Hi Phil
I feel for you! I have actually replaced the soundboard and preserved the bondings of a much loved guitar that got cracked well beyond repair inflight. It is painstaking work, but not actually as difficult as it might appear. It was hand built by Nigel Thornbory of Hampshire UK and has beautiful bindings, including superb mitres which I knew would be beyond my skills at the time to replace, so I couldn't just take the top off using heat and palette knife. This is what I did instead.
1 Routed out the soundboard to about an inch away from the edge, then cut through the braces to complete removal of the general top area (japanese pull saw, but most anything would be fine - you have to accept you will be replacing the braces as well as the top).
2 Used a heatgun (low heat) and a palette knife and chisel to remove the rest of the sound board in small pieces up to and including the purfling (the heat is there to warm the glue and help ensure you don't chip off bits of the kefted lining or the binding by mistake (more skilled people than me might not need the heat - if I was doing it again I would still use the heat; you only get one go). In my case, the guitar needed a neck reset, so I had already removed it. However, I feel confident the material under the fingerboard extension could be removed in the same way. Here you would definitely need heat. Removing the neck when you don't have to is a big step and worth avoiding if at all possible., but you may still feel it is worth removing the neck. This is because removing the top destabilizes the guitar and, in consequence, may well change the neck angle - I had this problem with a Gibson 12 string which needed a new top. Basically, once the top is off, the neck is held by the block, which is now supported only by the back and sides, and you have no idea how much it is flapping about as a result. You could find that you've retopped but the neck angle has changes so much the beck needs resetting. I'd probably take the neck off.
3 I
If you decide to keep the neck on, it should be easy to get underneath
it with palette knives and then cut the top material off level with the
heel block. I would not try to get the top material between the heel
block and the neck out. Instead. I would pare away about 1/8 inch of
that material at each side of the heel block with the aim of inserting the relevant part of the new top into the groove.
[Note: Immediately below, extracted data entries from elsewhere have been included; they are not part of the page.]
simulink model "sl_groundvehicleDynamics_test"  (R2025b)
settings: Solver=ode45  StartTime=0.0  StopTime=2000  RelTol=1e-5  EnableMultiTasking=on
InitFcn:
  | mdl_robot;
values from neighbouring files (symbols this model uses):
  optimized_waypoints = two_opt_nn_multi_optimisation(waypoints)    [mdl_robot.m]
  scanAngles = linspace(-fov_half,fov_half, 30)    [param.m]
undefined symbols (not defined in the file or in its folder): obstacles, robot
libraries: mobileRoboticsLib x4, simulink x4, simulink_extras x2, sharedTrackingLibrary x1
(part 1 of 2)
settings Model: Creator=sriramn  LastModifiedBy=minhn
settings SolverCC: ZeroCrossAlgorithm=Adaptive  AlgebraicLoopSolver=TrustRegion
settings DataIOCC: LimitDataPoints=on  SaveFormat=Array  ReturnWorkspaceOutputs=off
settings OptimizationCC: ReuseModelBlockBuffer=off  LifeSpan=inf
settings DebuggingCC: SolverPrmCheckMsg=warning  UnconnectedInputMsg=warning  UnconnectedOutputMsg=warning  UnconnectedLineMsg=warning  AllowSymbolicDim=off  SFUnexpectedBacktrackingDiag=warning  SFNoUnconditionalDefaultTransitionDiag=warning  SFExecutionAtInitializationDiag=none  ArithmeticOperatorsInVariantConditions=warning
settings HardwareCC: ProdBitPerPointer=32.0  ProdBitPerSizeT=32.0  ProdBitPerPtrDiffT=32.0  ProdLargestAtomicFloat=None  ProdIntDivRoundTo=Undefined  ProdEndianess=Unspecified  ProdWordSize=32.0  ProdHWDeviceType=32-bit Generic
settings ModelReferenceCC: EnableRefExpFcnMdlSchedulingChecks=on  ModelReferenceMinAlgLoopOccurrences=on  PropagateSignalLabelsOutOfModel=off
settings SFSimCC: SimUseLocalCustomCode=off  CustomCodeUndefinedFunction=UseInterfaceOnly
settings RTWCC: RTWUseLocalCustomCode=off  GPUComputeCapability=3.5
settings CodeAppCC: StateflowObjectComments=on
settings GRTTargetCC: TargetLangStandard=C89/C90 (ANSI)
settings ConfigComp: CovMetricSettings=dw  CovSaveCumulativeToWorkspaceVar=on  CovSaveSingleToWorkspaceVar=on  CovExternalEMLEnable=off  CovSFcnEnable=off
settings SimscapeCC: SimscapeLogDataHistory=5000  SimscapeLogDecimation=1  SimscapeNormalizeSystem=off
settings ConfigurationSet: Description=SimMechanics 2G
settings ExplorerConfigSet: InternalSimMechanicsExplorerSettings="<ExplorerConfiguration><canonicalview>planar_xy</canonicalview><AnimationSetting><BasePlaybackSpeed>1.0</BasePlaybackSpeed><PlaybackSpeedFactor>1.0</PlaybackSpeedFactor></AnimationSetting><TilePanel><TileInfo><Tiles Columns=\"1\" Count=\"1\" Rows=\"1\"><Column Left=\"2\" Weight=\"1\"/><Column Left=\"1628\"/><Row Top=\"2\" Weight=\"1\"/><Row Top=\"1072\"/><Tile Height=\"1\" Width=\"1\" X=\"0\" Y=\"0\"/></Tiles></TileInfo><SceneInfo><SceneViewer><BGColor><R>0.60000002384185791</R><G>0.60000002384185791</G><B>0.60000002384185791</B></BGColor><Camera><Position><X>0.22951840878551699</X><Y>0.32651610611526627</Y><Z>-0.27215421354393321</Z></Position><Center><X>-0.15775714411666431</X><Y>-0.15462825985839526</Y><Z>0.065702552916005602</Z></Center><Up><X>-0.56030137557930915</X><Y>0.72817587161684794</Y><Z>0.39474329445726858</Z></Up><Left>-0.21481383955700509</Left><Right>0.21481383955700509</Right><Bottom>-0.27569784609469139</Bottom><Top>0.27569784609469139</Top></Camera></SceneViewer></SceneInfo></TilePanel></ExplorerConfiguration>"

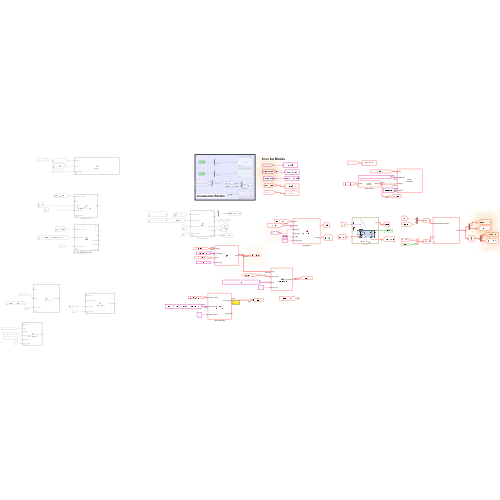
[thumbnail: Simulink's stored preview of the top-level diagram]
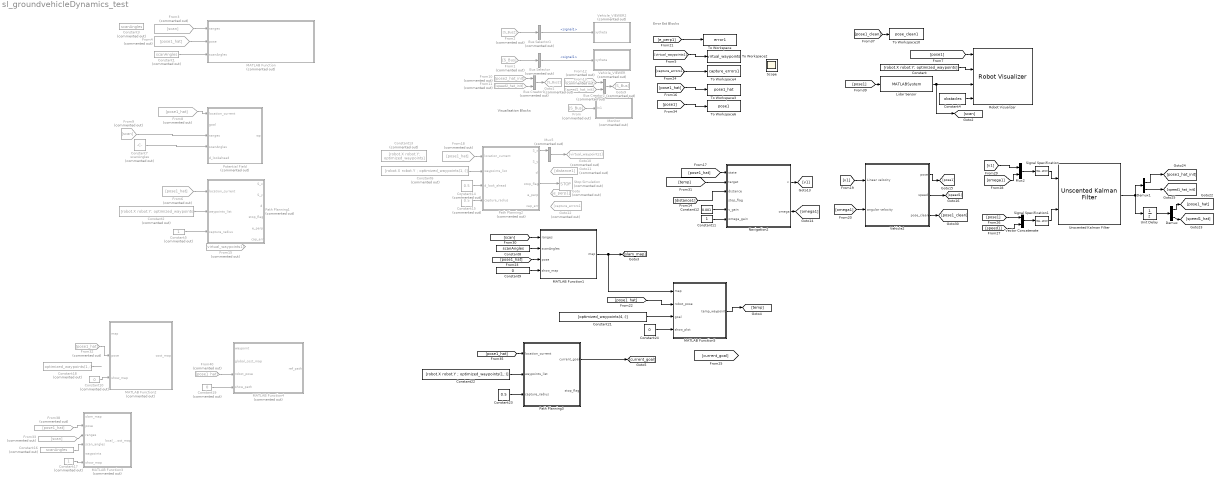
== system sl_groundvehicleDynamics_test ==
  note: Visualisation Blocks
  note: Error Est Blocks
  Bus Creator1 : BusCreator  Commented=on  Inputs=2
  Bus Creator2 : BusCreator  Commented=on  Inputs=2
  Bus Selector : BusSelector  Commented=on  OutputSignals=signal1
  Bus Selector1 : BusSelector  Commented=on  OutputSignals=signal1
  Constant : Constant  Value=[robot.X robot.Y; optimized_waypoints]
  Constant{1,3,7,16} (4 alike) : Constant  Commented=on  Value=scanAngles
  Constant10 : Constant  Commented=on  Value=0
  Constant11 : Constant
  Constant12 : Constant  Value=0.001
  Constant13 : Constant  Commented=on  Value=[robot.X robot.Y; optimized_waypoints]  VectorParams1D=off
  Constant14 : Constant  Commented=on  Value=0.5
  Constant15 : Constant  Commented=on  Value=0.5
  Constant17 : Constant  Commented=on
  Constant18 : Constant  Commented=on  Value=optimized_waypoints(1,:)
  Constant19 : Constant  Commented=on  Value=0
  Constant2 : Constant  Commented=on  Value=[robot.X robot.Y; optimized_waypoints]
  Constant21 : Constant  Value=[optimized_waypoints(4,:)]
  Constant22 : Constant  Value=[robot.X robot.Y ; optimized_waypoints(1,:)]
  Constant23 : Constant  Value=0.5
  Constant24 : Constant  Value=0
  Constant4 : Constant  Value=obstacles
  Constant5 : Constant  Commented=on
  Constant6 : Constant  Commented=on  Value=[robot.X robot.Y ; optimized_waypoints(1,:)]
  Constant8 : Constant  Value=scanAngles
  Constant9 : Constant  Value=0
  Demux : Demux  Outputs=2
  Demux1 : Demux  Outputs=2
  From : From  Commented=on  GotoTag=S_Bus
  From1 : From  Commented=on  GotoTag=S_Bus
  From10 : From  Commented=on  GotoTag=pose2_hat_init
  From11 : From  Commented=on  GotoTag=speed2_hat_init
  From12 : From  Commented=on  GotoTag=pose1_hat_init
  From13 : From  Commented=on  GotoTag=speed1_hat_init
  From15 : From  Commented=on  GotoTag=virtual_waypoints1
  From{4,6,8,18,32,38,40} (7 alike) : From  Commented=on  GotoTag=pose1_hat
  From2 : From  Commented=on  GotoTag=S_Bus2
  From3 : From  Commented=on  GotoTag=scan
  From33 : From  Commented=on  GotoTag=scan
  From9 : From  Commented=on  GotoTag=scan
  Goto : Goto  Commented=on  GotoTag=e_perp1
  Goto1 : Goto  Commented=on  GotoTag=S_Bus2
  Goto10 : Goto  Commented=on  GotoTag=virtual_waypoints1
  Goto11 : Goto  Commented=on  GotoTag=distance1
  Goto12 : Goto  Commented=on  GotoTag=capture_errors1
  Goto9 : Goto  Commented=on  GotoTag=S_Bus
  Lidar Sensor : MATLABSystem  System=LidarSensor  mapName=map  sensorOffset=[ 0, 0 ]  scanAngles=scanAngles  maxRange=30
      mask Type: LidarSensor
  MATLAB Function : MATLAB Function  Commented=on  TreatAsAtomicUnit=on
  MATLAB Function1 : MATLAB Function  TreatAsAtomicUnit=on
  MATLAB Function2 : MATLAB Function  Commented=on  TreatAsAtomicUnit=on
  MATLAB Function3 : MATLAB Function  Commented=on  TreatAsAtomicUnit=on
  MATLAB Function4 : MATLAB Function  Commented=on  TreatAsAtomicUnit=on
  MATLAB Function5 : MATLAB Function  TreatAsAtomicUnit=on
  Monitor : Subsystem  Commented=on
  Mux2 : Mux  Inputs=2
  Mux5 : Mux  Commented=on  Inputs=2
  Navigation2 : MATLAB Function  TreatAsAtomicUnit=on
  Path Planning1 : MATLAB Function  Commented=on  TreatAsAtomicUnit=on
  Path Planning2 : MATLAB Function  Commented=on  TreatAsAtomicUnit=on
  Path Planning3 : MATLAB Function  TreatAsAtomicUnit=on
  Potential Field : MATLAB Function  Commented=on  TreatAsAtomicUnit=on
  Robot Visualizer : mobileRoboticsLib/Environments/Robot Visualizer  robotRadius=0.25  mapName=map  showTrajectory=on  hasWaypoints=on  hasLidar=on  sensorOffset=[ 0, 0 ]  scanAngles=scanAngles  hasObjDetector=on  objDetectorOffset=[ 0, 0 ]  objDetectorAngle=0  objDetectorFOV=pi/4  objDetectorMaxRange=30  objectColors=[ 1, 0, 0; 0, 1, 0; 0, 0, 1 ]  objectMarkers=s
  Signal Specification : SignalSpecification  Dimensions=2
  Signal Specification1 : SignalSpecification  Dimensions=6
  Stop Simulation : Stop  Commented=on
  To Workspace : ToWorkspace  VariableName=error1  SaveFormat=Timeseries  SampleTime=-1
  To Workspace10 : ToWorkspace  VariableName=pose_clean1  SaveFormat=Timeseries  SampleTime=-1
  To Workspace2 : ToWorkspace  VariableName=virtual_waypoints  SaveFormat=Timeseries  SampleTime=-1
  To Workspace3 : ToWorkspace  VariableName=pose1_hat  SaveFormat=Timeseries  SampleTime=-1
  To Workspace4 : ToWorkspace  VariableName=capture_errors1  SaveFormat=Timeseries  SampleTime=-1
  To Workspace6 : ToWorkspace  VariableName=pose1  SaveFormat=Timeseries  SampleTime=-1
  Unit Delay : UnitDelay  InitialCondition=[0;0;0;0;0;0]  SampleTime=-1  HasFrameUpgradeWarning=on
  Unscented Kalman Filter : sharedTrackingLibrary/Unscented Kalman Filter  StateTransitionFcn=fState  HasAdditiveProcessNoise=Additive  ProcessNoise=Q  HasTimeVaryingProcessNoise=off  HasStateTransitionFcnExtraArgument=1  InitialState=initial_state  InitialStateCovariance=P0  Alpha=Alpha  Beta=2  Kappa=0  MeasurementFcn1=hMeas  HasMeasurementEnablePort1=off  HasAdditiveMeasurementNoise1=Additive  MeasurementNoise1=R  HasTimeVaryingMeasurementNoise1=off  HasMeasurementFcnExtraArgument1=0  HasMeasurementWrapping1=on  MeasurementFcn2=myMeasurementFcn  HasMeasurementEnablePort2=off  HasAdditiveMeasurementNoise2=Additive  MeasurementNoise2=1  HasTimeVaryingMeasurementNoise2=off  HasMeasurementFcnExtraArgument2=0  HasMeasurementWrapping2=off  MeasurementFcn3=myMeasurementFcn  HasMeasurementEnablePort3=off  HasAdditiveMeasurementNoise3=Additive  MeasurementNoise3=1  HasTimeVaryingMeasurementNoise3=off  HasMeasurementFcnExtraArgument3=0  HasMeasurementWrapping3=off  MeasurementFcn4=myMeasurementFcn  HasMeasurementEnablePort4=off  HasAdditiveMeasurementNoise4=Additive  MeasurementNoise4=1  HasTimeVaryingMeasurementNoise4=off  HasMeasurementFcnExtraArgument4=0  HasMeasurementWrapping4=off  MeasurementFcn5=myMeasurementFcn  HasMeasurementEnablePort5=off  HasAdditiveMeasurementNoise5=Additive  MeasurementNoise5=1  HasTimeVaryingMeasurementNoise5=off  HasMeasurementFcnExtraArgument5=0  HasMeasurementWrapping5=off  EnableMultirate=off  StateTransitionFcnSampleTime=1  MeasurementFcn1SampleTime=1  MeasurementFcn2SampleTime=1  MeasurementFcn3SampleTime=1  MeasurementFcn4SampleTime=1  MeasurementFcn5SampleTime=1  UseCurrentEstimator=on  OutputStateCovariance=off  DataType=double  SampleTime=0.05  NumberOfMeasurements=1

4 Make a new top (including braces) exactly as you would for a new build. This is the easy part.
5 Cut the top as follows: as near as possible to the size needed to make it fit inside the binding. If the braces on the original were inset into the linings, they should be cut to that size. The top size does not need to be exact, as you will be eventually routing purfling, which will cover any errors, but it has to be close so that there is a good fit on the linings. If you decide to keep the neck on, you should make a small pocket in the top the size of the neck block with additional material to fit into the area you have pared away under the fingerboard extension by the neck block. The pocket should be no longer than the neck block. In other words, the now top is more or less an exact fit except under the fingerboard, where it stops a the heel block and slides into the grooves you have pared away. If you have the neck off and the entire old top off, there's no problem. You just fit it as exactly as you can. This takes multiple checks, paring away tiny amounts of material, regardless of whether the neck is on or off. It's not difficult, but you need to be patient. It cannot be bigger than the perimeter of the binding anywhere, of course.
6 Once you have the best possuble fit, stick it on in the usual way.
7 Rout a channel for the purfling using a cutter offset away from the perimeter by the width of the binding. I would not trust a fancy stewmac style rig for this. I used a dremel both times. The top doesn't have much of a dome and the dremel with a good router base will be fine. Go slowly and remember it is better to be slightly away from the binding rather than cutting into it. You always have another chance if the binding is intact because you can rout again for slightly wider purfling. If you cut into the binding that's harder to rectify. (Obviously it's best to be dead on, and that is doable!). I know this sounds a lot, but I'm just an amateur and I was able to do an exact replacement of the top and herringbone purfling while retaining the ebony binding, just by being slow and careful. If you decided to keep the neck on, the purfling channel near the neck needs to be marked and cut by hand.
8 Finish and position the salvaged bridge or a replacement in the same way as for a new build.
9 All this assumes you have wood bindings. If you have plastic, everything needs to be a lot slower, because you don't want heat buildup as that will end up melting the bindings, not cutting.
Gosh, I think that's it. Looks hard written down, but it's not as bad as you think. With the degree of damage you seem to have to the top, trying to get a top repair that looked OK would be a lot harder - a lot.
Good luck, and if you have any questions. get back to me. I think I took pictures of the process and I can see if I can find them if it helps.
I'm sure more experienced members may have more to offer and more elegant solutions, but this really did work!